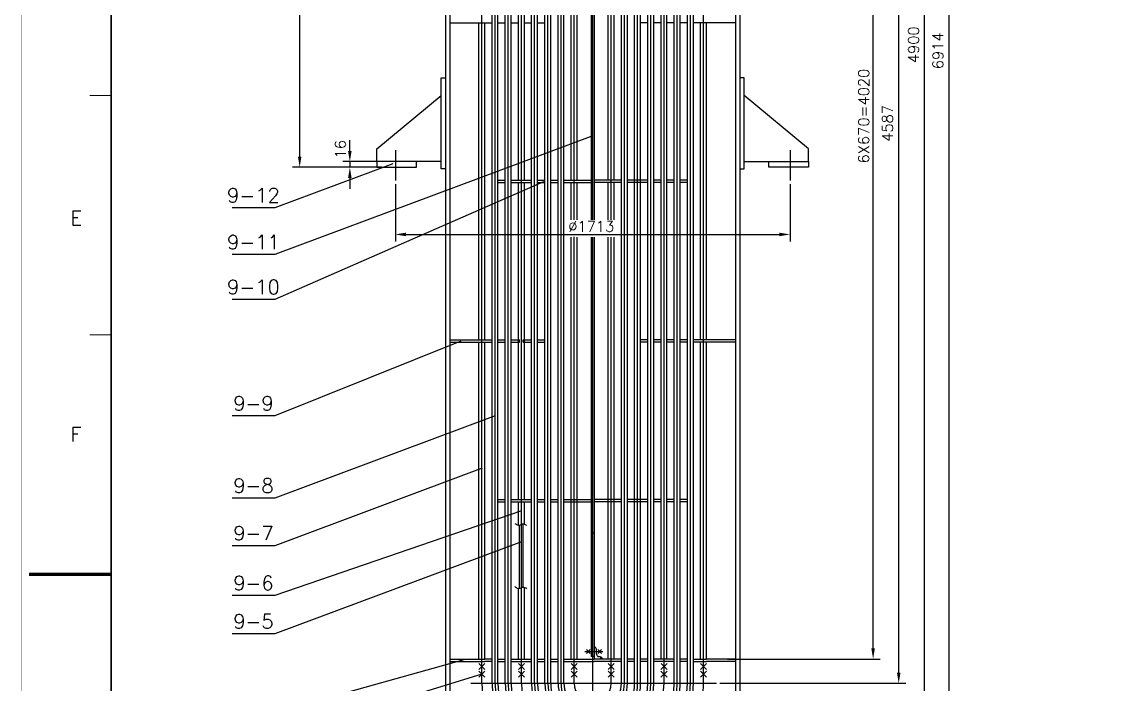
# Model space of a CAD drawing. Extents: x 49444 to 186655, y 41039 to 60167.
# Drawn here: x 49444 to 53991, y 52914 to 55695 of the extents above; entities that cross this region are included whole.
import ezdxf
from ezdxf.enums import TextEntityAlignment as Align

# ---------------------------------------------------------------- set-up
doc = ezdxf.new("R2010")
doc.units = 0
doc.header["$LTSCALE"] = 60
doc.header["$MEASUREMENT"] = 0
doc.header["$PDMODE"] = 3
doc.header["$PDSIZE"] = 0.001
doc.layers.get('0').update_dxf_attribs({"linetype": 'CONTINUOUS'})
doc.layers.get('DEFPOINTS').update_dxf_attribs({"linetype": 'CONTINUOUS'})
doc.styles.get("Standard").update_dxf_attribs({"font": 'txt_l', "bigfont": 'hztxt_l'})
doc.dimstyles.new('STANDARD$0', dxfattribs={"dimtxt": 3, "dimasz": 3, "dimexe": 2, "dimexo": 1, "dimgap": 0.5, "dimtad": 1, "dimdec": 0, "dimzin": 0, "dimdsep": 46, "dimtxsty": 'Standard', "dimcen": 1, "dimclrd": 256, "dimclre": 256, "dimclrt": 256, "dimadec": 0, "dimazin": 0, "dimtfac": 1.5, "dimtdec": 3, "dimtix": 1, "dimtmove": 0, "dimatfit": 2, "dimfxl": 0, "dimtolj": 1, "dimarcsym": 0})

# ---------------------------------------------------------------- blocks, each defined once
blk = doc.blocks.new('*D370')
at = {"lineweight": -2}
for p, q in [((50822.3, 55152.8), (50822.3, 55197.8)), ((50956.2, 55107.8), (50792.3, 55107.8)), ((50822.3, 55107.8), (50822.3, 55084)), ((50954.7, 55084), (50792.3, 55084)), ((50822.3, 55039), (50822.3, 54994))]:
    blk.add_line(p, q, dxfattribs=at)
for points in [[(50814.8, 55152.8), (50829.8, 55152.8), (50822.3, 55107.8)], [(50814.8, 55039), (50829.8, 55039), (50822.3, 55084)]]:
    blk.add_solid(points)
at = {"layer": 'DEFPOINTS', "color": 0}
for p in [(50971.2, 55107.8), (50822.3, 55084), (50969.7, 55084)]:
    blk.add_point(p, dxfattribs=at)
at = {"insert": (50782.7, 55159.8), "char_height": 45, "attachment_point": 5, "rotation": 90}
blk.add_mtext('\\A1;16', dxfattribs=at)
blk = doc.blocks.new('*D367')
at = {"lineweight": -2}
for p, q in [((51251.1, 57540.1), (50581.8, 57540.1)), ((50611.8, 55129), (50611.8, 57495.1)), ((50921.3, 55084), (50581.8, 55084))]:
    blk.add_line(p, q, dxfattribs=at)
for points in [[(50604.3, 57495.1), (50619.3, 57495.1), (50611.8, 57540.1)], [(50604.3, 55129), (50619.3, 55129), (50611.8, 55084)]]:
    blk.add_solid(points)
at = {"layer": 'DEFPOINTS', "color": 0}
for p in [(50611.8, 57540.1), (51266.1, 57540.1), (50936.3, 55084)]:
    blk.add_point(p, dxfattribs=at)
at = {"insert": (50569.2, 56132.5), "char_height": 45, "attachment_point": 5, "rotation": 90}
blk.add_mtext('\\A1;2385', dxfattribs=at)
blk = doc.blocks.new('*D343')
at = {"lineweight": -2}
for p, q in [((53006.7, 57027), (53049.8, 57027)), ((53019.8, 53065.1), (53019.8, 56982)), ((52408.4, 53020.1), (53049.8, 53020.1))]:
    blk.add_line(p, q, dxfattribs=at)
for points in [[(53012.3, 56982), (53027.3, 56982), (53019.8, 57027)], [(53012.3, 53065.1), (53027.3, 53065.1), (53019.8, 53020.1)]]:
    blk.add_solid(points)
at = {"layer": 'DEFPOINTS', "color": 0}
for p in [(52991.7, 57027), (53019.8, 57027), (52393.4, 53020.1)]:
    blk.add_point(p, dxfattribs=at)
at = {"insert": (52980.5, 55298.7), "char_height": 45, "attachment_point": 5, "rotation": 90}
blk.add_mtext('\\A1;6X670=4020', dxfattribs=at)
blk = doc.blocks.new('*D342')
at = {"lineweight": -2}
for p, q in [((53079.8, 57540.1), (53265.9, 57540.1)), ((53235.9, 52713.5), (53235.9, 57495.1)), ((52434.1, 52668.5), (53265.9, 52668.5))]:
    blk.add_line(p, q, dxfattribs=at)
for points in [[(53228.4, 57495.1), (53243.4, 57495.1), (53235.9, 57540.1)], [(53228.4, 52713.5), (53243.4, 52713.5), (53235.9, 52668.5)]]:
    blk.add_solid(points)
at = {"layer": 'DEFPOINTS', "color": 0}
for p in [(53064.8, 57540.1), (53235.9, 57540.1), (52419.1, 52668.5)]:
    blk.add_point(p, dxfattribs=at)
at = {"insert": (53189.8, 55598.3), "char_height": 45, "attachment_point": 5, "rotation": 90}
blk.add_mtext('\\A1;4900', dxfattribs=at)
blk = doc.blocks.new('*D337')
at = {"lineweight": -2}
for p, q in [((51941.2, 59086.6), (53369.1, 59086.6)), ((53339.1, 52216), (53339.1, 59041.6)), ((52541.4, 52171), (53369.1, 52171))]:
    blk.add_line(p, q, dxfattribs=at)
for points in [[(53331.6, 59041.6), (53346.6, 59041.6), (53339.1, 59086.6)], [(53331.6, 52216), (53346.6, 52216), (53339.1, 52171)]]:
    blk.add_solid(points)
at = {"layer": 'DEFPOINTS', "color": 0}
for p in [(51926.2, 59086.6), (53339.1, 59086.6), (52526.4, 52171)]:
    blk.add_point(p, dxfattribs=at)
at = {"insert": (53292.1, 55572.8), "char_height": 45, "attachment_point": 5, "rotation": 90}
blk.add_mtext('\\A1;6914', dxfattribs=at)
blk = doc.blocks.new('*D368')
at = {"lineweight": -2}
for p, q in [((51013.7, 55012.9), (51013.7, 54772.1)), ((52670.8, 55012.9), (52670.8, 54772.1)), ((51058.7, 54802.1), (52625.8, 54802.1))]:
    blk.add_line(p, q, dxfattribs=at)
for points in [[(51058.7, 54809.6), (51058.7, 54794.6), (51013.7, 54802.1)], [(52625.8, 54809.6), (52625.8, 54794.6), (52670.8, 54802.1)]]:
    blk.add_solid(points)
at = {"layer": 'DEFPOINTS', "color": 0}
for p in [(51013.7, 55027.9), (52670.8, 55027.9), (52670.8, 54802.1)]:
    blk.add_point(p, dxfattribs=at)
at = {"insert": (51836.2, 54835.9), "char_height": 45, "attachment_point": 5}
blk.add_mtext('\\A1;%%c1713', dxfattribs=at)
blk = doc.blocks.new('*D341')
at = {"lineweight": -2}
for p, q in [((53064.8, 57540.1), (53157.3, 57540.1)), ((53127.3, 52963.2), (53127.3, 57495.1)), ((52376.4, 52918.2), (53157.3, 52918.2))]:
    blk.add_line(p, q, dxfattribs=at)
for points in [[(53119.8, 57495.1), (53134.8, 57495.1), (53127.3, 57540.1)], [(53119.8, 52963.2), (53134.8, 52963.2), (53127.3, 52918.2)]]:
    blk.add_solid(points)
at = {"layer": 'DEFPOINTS', "color": 0}
for p in [(53049.8, 57540.1), (53127.3, 57540.1), (52361.4, 52918.2)]:
    blk.add_point(p, dxfattribs=at)
at = {"insert": (53080.4, 55268.1), "char_height": 45, "attachment_point": 5, "rotation": 90}
blk.add_mtext('\\A1;4587', dxfattribs=at)

msp = doc.modelspace()

# ---------------------------------------------------------------- hatches: boundary and pattern name
msp.add_hatch(color=256).paths.add_polyline_path([(51885.74092, 53020.093849), (51878.248557, 53020.093849, 0.3919502123), (51869.013864, 53030.064522, -0.2452633616)])

# ---------------------------------------------------------------- linework, layer by layer
for p, q in [((51376.549545, 52918.223919), (51376.549545, 57719.093849)), ((51419.475269, 52918.223919), (51419.475269, 57719.093849)), ((51431.975269, 52918.223919), (51431.975269, 57719.093849)), ((51444.475269, 52918.223919), (51444.475269, 57719.093849)), ((51474.901202, 52918.223919), (51474.901202, 57719.093849)), ((51487.401202, 52918.223919), (51487.401202, 57729.013664)), ((51499.901202, 52918.223919), (51499.901202, 57719.093849)), ((51530.327135, 55030.093849), (51530.327135, 57719.093849)), ((51542.827135, 52918.223919), (51542.827135, 57729.931276)), ((51555.327135, 55030.093849), (51555.327135, 57719.093849)), ((51585.753068, 52918.223919), (51585.753068, 57719.093849)), ((51598.253068, 52918.223919), (51598.253068, 57729.931276)), ((51610.753068, 52918.223919), (51610.753068, 57719.093849)), ((51641.181516, 52918.223919), (51641.181516, 57719.093849)), ((51653.681516, 52918.223919), (51653.681516, 57719.093849)), ((51666.181516, 52918.223919), (51666.181516, 57719.093849)), ((51696.607449, 52918.223919), (51696.607449, 57719.093849)), ((51709.107449, 52918.223919), (51709.107449, 57729.013664)), ((51721.607449, 52918.223919), (51721.607449, 57719.093849)), ((51764.535897, 54862.862014), (51764.535897, 57730.101978)), ((51919.961197, 54863.269353), (51919.961197, 57730.101978)), ((51962.889645, 52918.223919), (51962.889645, 57719.093849)), ((51975.389645, 52918.223919), (51975.389645, 57729.013664)), ((51987.889645, 52918.223919), (51987.889645, 57719.093849)), ((52018.315578, 52918.223919), (52018.315578, 57719.093849)), ((52030.815578, 52918.223919), (52030.815578, 57719.093849)), ((52043.315578, 52918.223919), (52043.315578, 57719.093849)), ((52073.744026, 52918.223919), (52073.744026, 57719.093849)), ((52086.244026, 52918.223919), (52086.244026, 57729.931276)), ((52098.744026, 52918.223919), (52098.744026, 57719.093849)), ((52129.169959, 53020.093849), (52129.169959, 57719.093849)), ((52141.669959, 52918.223919), (52141.669959, 57729.931276)), ((52154.169959, 53020.093849), (52154.169959, 57719.093849)), ((52184.595892, 52918.223919), (52184.595892, 57719.093849)), ((52197.095892, 52918.223919), (52197.095892, 57729.013664)), ((52209.595892, 52918.223919), (52209.595892, 57719.093849)), ((52240.021825, 52918.223919), (52240.021825, 57719.093849)), ((52252.521825, 52918.223919), (52252.521825, 57719.093849)), ((52265.021825, 52918.223919), (52265.021825, 57719.093849)), ((52307.947549, 52918.223919), (52307.947549, 57719.093849)), ((51242.248548, 57067.84877), (51242.187706, 52643.507327)), ((52442.248557, 57083.797947), (52442.187708, 52643.507327)), ((52460.248557, 57064.297947), (52460.187707, 52643.507327)), ((51224.249869, 57048.34877), (51224.187705, 52643.507327)), ((51752.014242, 55690.093849), (51752.033382, 56360.093849)), ((51777.014242, 55690.093849), (51777.033382, 56360.093849)), ((51907.463712, 55453.093849), (51907.463712, 56360.093849)), ((51932.463712, 55453.093849), (51932.463712, 56360.093849)), ((51836.248557, 55796.544239), (51836.248557, 54863.269353)), ((51842.248547, 54863.269353), (51842.248547, 55796.544239)), ((51848.248557, 55796.544239), (51848.248557, 54863.269353)), ((51242.229411, 55690.093849), (51419.456128, 55690.093849)), ((51364.049545, 55020.093849), (51364.030405, 55690.093849)), ((51389.049545, 55020.093849), (51389.030405, 55690.093849)), ((51444.456128, 55690.093849), (51474.882061, 55690.093849)), ((51499.882061, 55690.093849), (51530.307994, 55690.093849)), ((51555.307994, 55690.093849), (51585.733928, 55690.093849)), ((51610.733928, 55690.093849), (51641.162375, 55690.093849)), ((51752.033382, 55030.093849), (51752.014242, 55690.093849)), ((51777.033382, 55030.093849), (51777.014242, 55690.093849)), ((52073.724886, 55690.093849), (52043.296438, 55690.093849)), ((52129.150819, 55690.093849), (52098.724886, 55690.093849)), ((52184.576752, 55690.093849), (52154.150819, 55690.093849)), ((52240.002685, 55690.093849), (52209.576752, 55690.093849)), ((52442.229403, 55690.093849), (52265.002685, 55690.093849)), ((52295.447549, 55020.093849), (52295.428409, 55690.093849)), ((52320.447549, 55020.093849), (52320.428409, 55690.093849)), ((51907.463712, 55030.093849), (51907.463712, 55453.093849)), ((51932.463712, 55030.093849), (51932.463712, 55453.093849)), ((51842.248547, 55215.737242), (50507.586764, 54717.216313)), ((51013.660358, 55155.398057), (51013.660358, 55027.870956)), ((52670.836736, 55155.398057), (52670.836736, 55027.870956)), ((51002.586153, 55098.37113), (50507.586764, 54913.479679)), ((51635.998113, 55023.014544), (50507.586764, 54528.884926)), ((51364.049545, 54360.093849), (51364.049545, 55020.093849)), ((51389.049545, 54360.093849), (51389.049545, 55020.093849)), ((51444.475269, 55030.093849), (51474.901202, 55030.093849)), ((51444.475269, 55020.093849), (51474.901202, 55020.093849)), ((51499.901202, 55030.093849), (51542.827135, 55030.093849)), ((51499.901202, 55020.093849), (51542.827135, 55020.093849)), ((51530.327135, 53690.093849), (51530.327135, 55020.093849)), ((51542.82965, 55030.093849), (51585.753068, 55030.093849)), ((51542.82965, 55020.093849), (51585.753068, 55020.093849)), ((51555.327135, 53690.093849), (51555.327135, 55020.093849)), ((51610.753068, 55030.093849), (51641.181516, 55030.093849)), ((51610.753068, 55020.093849), (51641.181516, 55020.093849)), ((51666.181516, 55030.093849), (51696.607449, 55030.093849)), ((51666.181516, 55020.093849), (51696.607449, 55020.093849)), ((51721.607449, 55030.093849), (51764.535897, 55030.093849)), ((51721.607449, 55020.093849), (51764.535897, 55020.093849)), ((51752.033382, 54863.269353), (51752.033382, 55020.093849)), ((51764.535897, 55030.093849), (51836.248557, 55030.093849)), ((51764.535897, 55020.093849), (51836.248557, 55020.093849)), ((51777.033382, 54863.269353), (51777.033382, 55020.093849)), ((51919.961197, 55030.093849), (51848.248537, 55030.093849)), ((51919.961197, 55020.093849), (51848.248537, 55020.093849)), ((51907.463712, 54863.269353), (51907.463712, 55020.093849)), ((51962.889645, 55030.093849), (51919.961197, 55030.093849)), ((51962.889645, 55020.093849), (51919.961197, 55020.093849)), ((51932.463712, 54863.269353), (51932.463712, 55020.093849)), ((52073.744026, 55030.093849), (51987.889645, 55030.093849)), ((52073.744026, 55020.093849), (51987.889645, 55020.093849)), ((52129.169959, 55030.093849), (52098.744026, 55030.093849)), ((52129.169959, 55020.093849), (52098.744026, 55020.093849)), ((52184.595892, 55030.093849), (52154.169959, 55030.093849)), ((52184.595892, 55020.093849), (52154.169959, 55020.093849)), ((52240.021825, 55030.093849), (52209.595892, 55030.093849)), ((52240.021825, 55020.093849), (52209.595892, 55020.093849)), ((52295.447549, 54360.093849), (52295.447549, 55020.093849)), ((52320.447549, 54360.093849), (52320.447549, 55020.093849)), ((50507.586764, 54913.479679), (50327.586764, 54913.479679)), ((51752.033382, 54350.093849), (51752.033382, 54791.153535)), ((51764.535897, 52918.223919), (51764.535897, 54792.470022)), ((51777.033382, 54350.093849), (51777.033382, 54791.153535)), ((51836.248557, 54791.153535), (51836.248557, 53030.093849)), ((51842.248547, 52826.068046), (51842.248547, 54791.153535)), ((51848.248557, 54791.153535), (51848.248557, 53020.093849)), ((51907.463712, 54350.093849), (51907.463712, 54791.153535)), ((51919.961197, 52918.223919), (51919.961197, 54791.153535)), ((51932.463712, 54350.093849), (51932.463712, 54791.153535)), ((50507.586764, 54717.216313), (50327.586764, 54717.216313)), ((50507.586764, 54528.884926), (50327.586764, 54528.884926)), ((51288.93664, 54353.821949), (50507.586764, 54040.499717)), ((51242.248551, 54360.093849), (51419.475269, 54360.093849)), ((51242.248551, 54350.093849), (51419.475269, 54350.093849)), ((51364.04703, 53020.093849), (51364.04703, 54350.093849)), ((51389.04703, 53020.093849), (51389.04703, 54350.093849)), ((51444.475269, 54360.093849), (51474.901202, 54360.093849)), ((51444.475269, 54350.093849), (51474.901202, 54350.093849)), ((51499.901202, 54360.093849), (51534.82965, 54360.093849)), ((51499.901202, 54350.093849), (51534.82965, 54350.093849)), ((51534.82965, 54350.093849), (51534.82965, 54360.093849)), ((51550.82965, 54360.093849), (51585.753068, 54360.093849)), ((51550.82965, 54350.093849), (51550.82965, 54360.093849)), ((51550.82965, 54350.093849), (51585.753068, 54350.093849)), ((51610.753068, 54360.093849), (51641.181516, 54360.093849)), ((51610.753068, 54350.093849), (51641.181516, 54350.093849)), ((51752.033382, 53020.093849), (51752.033382, 54350.093849)), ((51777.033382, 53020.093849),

+++++

(EXERCISE GOAL):
Among the lines of the material above, tally those containing "blocks" and respond with the total only.

(ANSWER AREA):
8